Apologies if I fail or the photos are huge!!


----------



## jaimebpa1 (Nov 8, 2011)

Oh she is adorable! She has a really cute face and her coat looks perfectly wavy.


----------



## Janev1000 (Oct 4, 2011)

Adorably perfect!! Please post more pics once home! x


----------



## kendal (Jul 16, 2009)

lol cute puppy, but i love the couch, that is so cool


----------



## anndante (Oct 26, 2011)

Oh so cute!


----------



## Fiver (Nov 26, 2011)

What a little sweetheart !

Val


----------



## mairi1 (Mar 12, 2012)

Thank you for the lovely comments,I'm counting down the days xx


----------



## M&M's mummy (Jul 12, 2011)

Oh she is so pretty.


----------



## mandy1 (Jan 26, 2012)

bundles of fun coming your way, shes fab u less. 
not long now, but this week will seem like ages.
mandy


----------



## Sam1 (Mar 6, 2012)

Oh she's really lovely!....beautiful colour too! She's perfect! Congratulations! X


----------



## Sam1 (Mar 6, 2012)

What cross is she? Apologises if it says that somewhere 
X


----------



## mairi1 (Mar 12, 2012)

Hi,
Thank you. She is a cross between an American cocker (mum) and miniature poodle.


----------



## JoJo (Mar 2, 2011)

Lovely puppy ... so sweet looking ... I want her ha ha ha xxx


----------



## MillieDog (Jun 1, 2011)

Miss Molly is lovely and her name really suits her.
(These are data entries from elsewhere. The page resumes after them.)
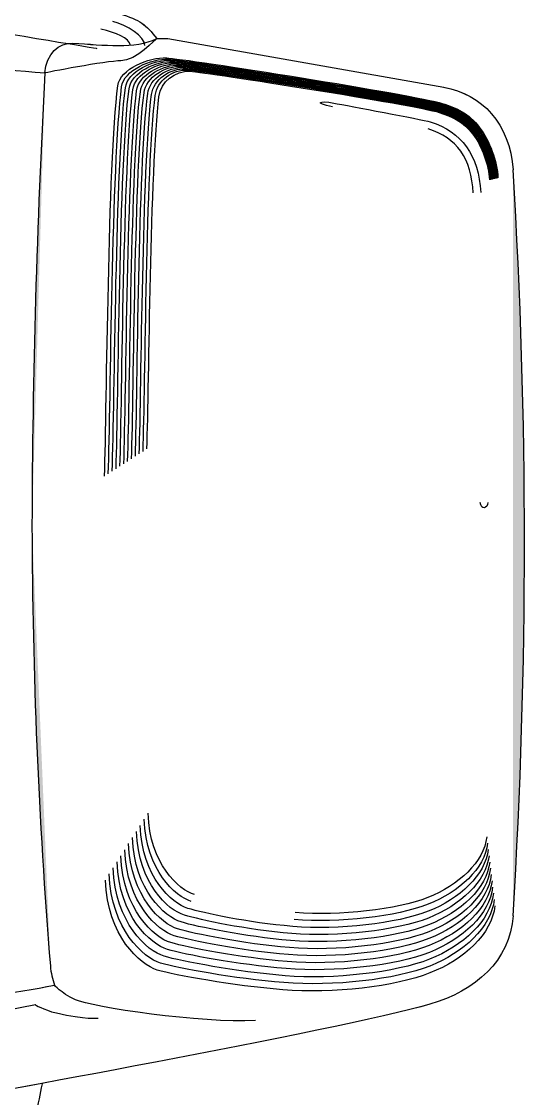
# Model space of a CAD drawing. Header units: millimetres. Extents: x 1111 to 1333, y -447 to -319.
# Drawn here: x 1291.9414 to 1292.1745, y -440.1179 to -439.6186 of the extents above; entities that cross this region are included whole.
import ezdxf

# ---------------------------------------------------------------- set-up
doc = ezdxf.new("R2010")
doc.units = ezdxf.units.MM

# ---------------------------------------------------------------- blocks, each defined once
blk = doc.blocks.new('scanne')
at = {"transparency": 33554559}
h = blk.add_hatch(color=256, dxfattribs=at)
h.paths.add_polyline_path([(2.52951, 2.8482), (2.66249, 2.82562)], flags=0)
h.paths.add_polyline_path([(2.69465, 2.44151, 0.030579), (2.69465, 2.7873)], flags=0)
h.paths.add_polyline_path([(2.48024, 2.4181, 0.063428), (2.48216, 2.40925)], flags=0)
h.paths.add_polyline_path([(2.47171, 2.6222, 0.019511), (2.48024, 2.4181)], flags=0)
h.paths.add_polyline_path([(2.47773, 2.83228, 0.012869), (2.47171, 2.6222)], flags=0)
at = {"lineweight": -3}
for points in [[(2.52953, 2.8482), (2.53459, 2.8482)], [(2.53459, 2.8482), (2.66251, 2.82562)]]:
    blk.add_lwpolyline(points, dxfattribs=at)
for centre, radius, start, end in [((3.62791, 17.13355), 14.34745, 264.824552, 265.401964), ((6.55513, 2.61028), 4.08344, 176.88353, 179.83266), ((-0.13891, 2.6144), 2.83885, 356.50835, 3.49165), ((5.09018, 2.62942), 2.61849, 180.15793, 184.62888), ((2.51594, 2.4212), 0.03583, 184.9572, 199.4743), ((-0.37218, 2.93742), 2.90596, 348.04914, 348.60939)]:
    blk.add_arc(centre, radius, start, end, dxfattribs=at)
for points in [[(2.34373, 2.86904), (2.35842, 2.86758), (2.5018, 2.84363), (2.5018, 2.84363)], [(2.52404, 2.84504), (2.52404, 2.84887), (2.51582, 2.85467), (2.50916, 2.85608)], [(2.51223, 2.85976), (2.52177, 2.85679), (2.52455, 2.85465), (2.52952, 2.84822)], [(2.51224, 2.85974), (2.52177, 2.85682), (2.52456, 2.85468), (2.52953, 2.8482)], [(2.51731, 2.84504), (2.51703, 2.84842), (2.51037, 2.85111), (2.50367, 2.85252)], [(2.47773, 2.83228), (2.47828, 2.84122), (2.48426, 2.84637), (2.49069, 2.84601)], [(2.47773, 2.83228), (2.47828, 2.84122), (2.48425, 2.84637), (2.49068, 2.84601)], [(2.49068, 2.84601), (2.5051, 2.84532), (2.51947, 2.84318), (2.52951, 2.8482)], [(2.49069, 2.84601), (2.5051, 2.84528), (2.51947, 2.84318), (2.52951, 2.8482)], [(2.52952, 2.84822), (2.52952, 2.84822), (2.51972, 2.83786), (2.51292, 2.83786)], [(2.51292, 2.83786), (2.50621, 2.83786), (2.47775, 2.83229), (2.47775, 2.83229)], [(2.51151, 2.82634), (2.51251, 2.834), (2.52597, 2.83979), (2.53414, 2.83925)], [(2.51325, 2.82588), (2.51421, 2.83345), (2.52707, 2.83916), (2.5351, 2.83865)], [(2.51499, 2.8254), (2.51599, 2.83293), (2.52812, 2.83859), (2.53615, 2.83813)], [(2.51668, 2.82495), (2.51764, 2.83239), (2.52922, 2.83804), (2.53711, 2.83754)], [(2.51844, 2.82444), (2.5194, 2.83188), (2.53025, 2.83745), (2.53815, 2.83699)], [(2.52019, 2.82402), (2.52115, 2.83132), (2.53137, 2.83688), (2.53913, 2.83638)], [(2.52193, 2.82356), (2.52284, 2.83082), (2.53242, 2.83629), (2.54013, 2.83583)], [(2.53414, 2.83925), (2.54235, 2.83879), (2.64978, 2.822), (2.66182, 2.81813)], [(2.5351, 2.83865), (2.54327, 2.8382), (2.64974, 2.82155), (2.66165, 2.81776)], [(2.53615, 2.83813), (2.54423, 2.83763), (2.64974, 2.82116), (2.66156, 2.81737)], [(2.53711, 2.83754), (2.54514, 2.83708), (2.6497, 2.82075), (2.66143, 2.81701)], [(2.53815, 2.83699), (2.54608, 2.83649), (2.64968, 2.82029), (2.66132, 2.8166)], [(2.53913, 2.83638), (2.54702, 2.83593), (2.64966, 2.81991), (2.6612, 2.81622)], [(2.52364, 2.82308), (2.52456, 2.83029), (2.5335, 2.83572), (2.54112, 2.83526)], [(2.52535, 2.82265), (2.52631, 2.82977), (2.53452, 2.83515), (2.54214, 2.83469)], [(2.52709, 2.82219), (2.528, 2.82926), (2.53562, 2.83455), (2.5431, 2.83414)], [(2.52883, 2.82172), (2.52974, 2.8287), (2.53668, 2.83404), (2.54411, 2.83358)], [(2.53056, 2.82124), (2.53152, 2.82818), (2.53777, 2.83342), (2.54512, 2.83301)], [(2.54013, 2.83583), (2.54793, 2.83538), (2.64961, 2.8195), (2.66102, 2.81585)], [(2.54112, 2.83526), (2.54887, 2.83485), (2.6496, 2.81907), (2.66096, 2.81547)], [(2.54214, 2.83469), (2.54981, 2.83424), (2.64957, 2.81868), (2.6608, 2.81508)], [(2.5431, 2.83414), (2.55072, 2.83369), (2.64953, 2.81827), (2.66066, 2.81471)], [(2.54411, 2.83358), (2.55164, 2.83317), (2.64954, 2.81784), (2.66053, 2.81433)], [(2.54512, 2.83301), (2.5526, 2.83255), (2.64949, 2.81741), (2.66039, 2.81394)], [(2.5053, 2.64528), (2.50645, 2.67803), (2.50686, 2.78934), (2.51151, 2.82634)], [(2.50709, 2.64642), (2.50823, 2.67885), (2.50864, 2.7892), (2.51325, 2.82588)], [(2.50887, 2.64758), (2.51001, 2.67974), (2.51042, 2.78909), (2.51499, 2.8254)], [(2.51066, 2.64877), (2.5118, 2.68061), (2.51207, 2.78896), (2.51668, 2.82495)], [(2.51246, 2.64986), (2.51356, 2.68143), (2.51392, 2.78882), (2.51844, 2.82444)], [(2.51426, 2.65103), (2.51536, 2.68228), (2.51577, 2.78867), (2.52019, 2.82402)], [(2.51604, 2.65217), (2.51714, 2.68315), (2.51746, 2.78857), (2.52193, 2.82356)], [(2.51785, 2.65334), (2.5189, 2.68399), (2.51913, 2.78841), (2.52364, 2.82308)], [(2.51961, 2.6545), (2.5207, 2.68484), (2.52088, 2.7883), (2.52535, 2.82265)], [(2.52139, 2.65564), (2.52248, 2.6857), (2.52276, 2.78816), (2.52709, 2.82219)], [(2.52317, 2.65676), (2.52427, 2.6866), (2.5245, 2.78805), (2.52883, 2.82172)], [(2.52495, 2.65793), (2.52605, 2.68744), (2.52646, 2.78789), (2.53056, 2.82124)], [(2.66249, 2.82562), (2.68023, 2.82251), (2.69319, 2.80883), (2.69465, 2.7873)], [(2.66251, 2.82562), (2.68021, 2.82251), (2.69321, 2.80883), (2.69467, 2.7873)], [(2.61104, 2.81651), (2.60206, 2.81829), (2.6047, 2.81956), (2.61159, 2.81829)], [(2.61159, 2.81829), (2.61843, 2.81696), (2.65206, 2.8108), (2.6563, 2.80957)], [(2.6612, 2.81622), (2.6675, 2.81421), (2.67306, 2.81166), (2.67767, 2.80564)], [(2.66132, 2.8166), (2.66766, 2.81459), (2.67331, 2.81199), (2.67792, 2.80592)], [(2.66143, 2.81701), (2.66781, 2.81501), (2.67351, 2.81236), (2.67821, 2.80625)], [(2.66156, 2.81737), (2.66799, 2.81537), (2.67374, 2.81267), (2.67848, 2.80652)], [(2.66165, 2.81776), (2.66817, 2.81571), (2.67397, 2.81302), (2.67871, 2.80681)], [(2.66182, 2.81813), (2.66839, 2.81607), (2.67428, 2.81343), (2.67902, 2.80709)], [(2.66039, 2.81394), (2.66637, 2.81203), (2.67166, 2.80961), (2.676, 2.80391)], [(2.66053, 2.81433), (2.66655, 2.81241), (2.67189, 2.80995), (2.67627, 2.8042)], [(2.66066, 2.81471), (2.66673, 2.81275), (2.67211, 2.81033), (2.67654, 2.80449)], [(2.6608, 2.81508), (2.66691, 2.81312), (2.67238, 2.81065), (2.67685, 2.80477)], [(2.66096, 2.81547), (2.66707, 2.8135), (2.67259, 2.811), (2.6771, 2.80507)], [(2.66102, 2.81585), (2.66727, 2.81385), (2.67283, 2.81129), (2.67735, 2.80536)], [(2.67619, 2.77659), (2.67537, 2.79256), (2.66862, 2.80223), (2.65534, 2.80629)], [(2.6563, 2.80957), (2.67099, 2.80506), (2.67874, 2.79406), (2.67965, 2.77677)], [(2.67821, 2.80625), (2.68287, 2.80013), (2.68615, 2.79087), (2.68661, 2.78335)], [(2.67848, 2.80652), (2.68318, 2.80036), (2.68651, 2.79096), (2.68697, 2.78339)], [(2.67871, 2.80681), (2.6835, 2.80061), (2.68683, 2.79112), (2.68729, 2.7835)], [(2.67902, 2.80709), (2.6839, 2.80088), (2.68732, 2.79126), (2.68764, 2.78355)], [(2.676, 2.80391), (2.68028, 2.7983), (2.6833, 2.78967), (2.68375, 2.78269)], [(2.67627, 2.8042), (2.6806, 2.79855), (2.68366, 2.78983), (2.68412, 2.78276)], [(2.67654, 2.80449), (2.68092, 2.79879), (2.68402, 2.78994), (2.68448, 2.78287)], [(2.67685, 2.80477), (2.68123, 2.79902), (2.68438, 2.79012), (2.68479, 2.78292)], [(2.6771, 2.80507), (2.68158, 2.79923), (2.68472, 2.79024), (2.68518, 2.78303)], [(2.67735, 2.80536), (2.68191, 2.79943), (2.68506, 2.7904), (2.68552, 2.7831)], [(2.67767, 2.80564), (2.68223, 2.7997), (2.68547, 2.79054), (2.68588, 2.78315)], [(2.67792, 2.80592), (2.68253, 2.7999), (2.68581, 2.79069), (2.68622, 2.78325)], [(2.68294, 2.63312), (2.68303, 2.63038), (2.67975, 2.62933), (2.67947, 2.63316)], [(2.54708, 2.45132), (2.53973, 2.45346), (2.52632, 2.46546), (2.5255, 2.489)], [(2.54388, 2.44492), (2.53649, 2.44716), (2.52276, 2.45943), (2.52189, 2.48338)], [(2.54548, 2.44815), (2.53814, 2.45029), (2.52463, 2.46243), (2.52372, 2.4862)], [(2.5408, 2.43861), (2.53322, 2.44085), (2.51917, 2.45335), (2.51831, 2.47775)], [(2.54232, 2.44178), (2.53484, 2.44402), (2.52097, 2.45638), (2.52011, 2.48056)], [(2.68247, 2.4781), (2.68115, 2.46642), (2.66947, 2.45561), (2.65515, 2.44995)], [(2.53762, 2.43225), (2.52996, 2.43453), (2.51563, 2.4473), (2.51472, 2.47212)], [(2.53922, 2.43539), (2.5316, 2.43768), (2.51741, 2.45031), (2.5165, 2.47495)], [(2.68284, 2.47516), (2.68152, 2.46339), (2.6697, 2.45244), (2.65524, 2.44678)], [(2.68315, 2.47225), (2.68183, 2.46034), (2.66992, 2.4493), (2.65533, 2.4436)], [(2.53605, 2.42902), (2.52829, 2.43135), (2.51383, 2.44426), (2.51292, 2.4693)], [(2.68351, 2.46933), (2.68219, 2.45734), (2.67015, 2.44621), (2.65541, 2.44041)], [(2.53296, 2.42273), (2.52502, 2.42505), (2.51029, 2.43819), (2.50933, 2.46369)], [(2.53451, 2.42588), (2.52667, 2.4282), (2.51202, 2.44125), (2.51111, 2.46652)], [(2.68386, 2.46639), (2.68253, 2.4543), (2.6704, 2.44308), (2.65548, 2.43724)], [(2.68419, 2.4635), (2.68287, 2.45127), (2.6706, 2.43996), (2.65559, 2.43403)], [(2.52976, 2.41632), (2.52177, 2.41873), (2.50672, 2.43215), (2.50572, 2.45806)], [(2.53132, 2.41951), (2.52338, 2.42193), (2.50842, 2.4352), (2.5075, 2.46089)], [(2.68456, 2.46058), (2.68319, 2.44826), (2.67078, 2.43681), (2.65568, 2.43088)], [(2.6849, 2.45767), (2.68353, 2.44522), (2.67103, 2.43372), (2.65575, 2.4277)], [(2.68519, 2.4548), (2.68387, 2.44221), (2.67123, 2.43053), (2.65586, 2.42451)], [(2.68555, 2.45188), (2.68418, 2.43919), (2.67146, 2.42747), (2.65595, 2.42131)], [(2.65524, 2.44678), (2.64078, 2.44112), (2.61409, 2.43798), (2.59315, 2.43976)], [(2.65515, 2.44995), (2.64082, 2.44434), (2.61441, 2.44124), (2.59365, 2.44302)], [(2.68592, 2.44898), (2.68455, 2.43616), (2.67169, 2.42435), (2.65604, 2.41814)], [(2.59209, 2.43325), (2.57065, 2.43498), (2.54999, 2.43955), (2.54232, 2.44178)], [(2.5926, 2.43653), (2.57134, 2.43831), (2.5515, 2.44269), (2.54388, 2.44492)], [(2.65533, 2.4436), (2.64073, 2.43785), (2.61381, 2.43475), (2.5926, 2.43653)], [(2.68623, 2.44606), (2.68491, 2.43315), (2.67195, 2.42115), (2.65612, 2.41495)], [(2.59157, 2.43003), (2.5699, 2.43181), (2.54851, 2.43633), (2.5408, 2.43861)], [(2.65548, 2.43724), (2.64061, 2.43136), (2.61315, 2.42821), (2.59157, 2.43003)], [(2.65541, 2.44041), (2.64068, 2.43462), (2.61344, 2.43143), (2.59209, 2.43325)], [(2.69465, 2.44151), (2.69337, 2.42061), (2.67713, 2.40656), (2.6561, 2.40045)], [(2.69467, 2.44151), (2.69334, 2.42061), (2.67715, 2.40656), (2.65612, 2.40045)], [(2.59054, 2.42349), (2.56846, 2.42527), (2.54551, 2.42992), (2.53762, 2.43225)], [(2.59104, 2.42673), (2.56914, 2.42851), (2.54697, 2.43311), (2.53922, 2.43539)], [(2.65559, 2.43403), (2.64058, 2.42814), (2.61285, 2.4249), (2.59104, 2.42673)], [(2.59001, 2.42022), (2.56771, 2.42209), (2.54398, 2.42669), (2.53605, 2.42902)], [(2.65575, 2.4277), (2.64042, 2.42168), (2.61218, 2.41839), (2.59001, 2.42022)], [(2.65568, 2.43088), (2.64049, 2.4249), (2.61257, 2.42157), (2.59054, 2.42349)], [(2.58898, 2.41369), (2.56626, 2.41556), (2.54099, 2.42031), (2.53296, 2.42273)], [(2.58948, 2.41698), (2.56699, 2.41881), (2.5425, 2.42351), (2.53451, 2.42588)], [(2.65586, 2.42451), (2.6404, 2.4184), (2.61188, 2.41511), (2.58948, 2.41698)], [(2.58843, 2.41048), (2.56553, 2.41235), (2.53948, 2.41709), (2.53132, 2.41951)], [(2.65604, 2.41814), (2.6403, 2.41194), (2.61124, 2.40861), (2.58843, 2.41048)], [(2.65595, 2.42131), (2.64035, 2.4152), (2.61156, 2.41178), (2.58898, 2.41369)], [(2.58792, 2.40719), (2.56479, 2.40906), (2.53797, 2.4139), (2.52976, 2.41632)], [(2.65612, 2.41495), (2.64024, 2.40865), (2.61096, 2.40523), (2.58792, 2.40719)], [(2.42705, 2.39999), (2.43818, 2.40218), (2.46396, 2.40588), (2.48216, 2.40925)], [(2.42707, 2.39999), (2.4382, 2.40218), (2.46393, 2.40588), (2.48218, 2.40925)], [(2.49182, 2.40255), (2.48471, 2.40588), (2.48215, 2.40925), (2.48215, 2.40925)], [(2.57531, 2.39297), (2.55081, 2.39142), (2.49894, 2.39917), (2.49182, 2.40255)], [(2.41626, 2.38991), (2.42401, 2.39092), (2.47319, 2.40027), (2.47319, 2.40027)], [(2.6561, 2.40045), (2.61477, 2.3885), (2.43275, 2.35579), (2.43275, 2.35579)], [(2.65612, 2.40045), (2.61479, 2.3885), (2.43277, 2.35579), (2.43277, 2.35579)], [(2.47319, 2.40027), (2.47319, 2.40027), (2.47675, 2.39785), (2.483, 2.39644)], [(2.483, 2.39644), (2.49645, 2.39329), (2.50239, 2.39402), (2.50239, 2.39402)]]:
    blk.add_open_spline(points, degree=3, dxfattribs=at)

msp = doc.modelspace()

# ---------------------------------------------------------------- block references
msp.add_blockref('scanne', (1289.47453, -442.47464))

doc.saveas('drawing.dxf')

Where are you getting her from?


----------



## Scarlett (Dec 15, 2011)

She is so pretty!! I just want to pick her up and give her cuddles


----------



## Nanci (Mar 1, 2012)

What a little doll!!! Beautiful long ears already!!


----------



## Turi (Jun 28, 2011)

She is beautiful! I love the name and she is going to have the most fabulous coat - let us know how you get on with her


----------



## Bertie Brown (Aug 12, 2011)

What a gorgeous girl Miss Molly is and the name suits her well, can't wait to see more photos of her!

Clare and Bertie


----------



## mairi1 (Mar 12, 2012)

Thank you all for such lovely comments about little Molly, she is a wee doll. It's so nice to have the seal of approval from those 'in the know'!! I'm collecting her from a hobby breeder in yorkshire. She is one of 6 puppies, all very similar in colouring, 3 boys and 3 girls. Her breeder wanted to breed her American cocker with another American cocker however couldn't find a suitable stud therefore went for a 'poo'!! This is her first litter. I pick 
Her up on friday, fingers crossed all goes ok . Will hopefully be able to post pics of her in her new home


----------



## MillieDog (Jun 1, 2011)

Ah lovely Mairi, so glad she found a Poo instead, that is one lovely little lady.

Enjoy having her


----------



## ali-s.j. (Jun 6, 2011)

Mairi, Miss Molly is gorgeous  
Are you in Scotland?


----------



## Ali79 (Mar 30, 2011)

What a gorgeous puppy Miss Molly is


----------



## mairi1 (Mar 12, 2012)

Hi Ali,
Yes I am in Scotland... Did the 'wee doll' give it away?!... I'm near Stirling 
Mairi x


----------



## ali-s.j. (Jun 6, 2011)

Yes, that and your name 
Well, I very much look forward to meeting you with Miss Molly in the not too distant future.
I should warn you that I am not native, I am a naturalised Scot, having lived here 24 years - next year I will have been here for half my life


----------



## wilfiboy (Sep 18, 2010)

Gosh is nt it strange that the first thing i thought when I saw her what a lovely Doll and then others have said the same... Miss Molly Dolly... I can see some nick names forming already xxx


----------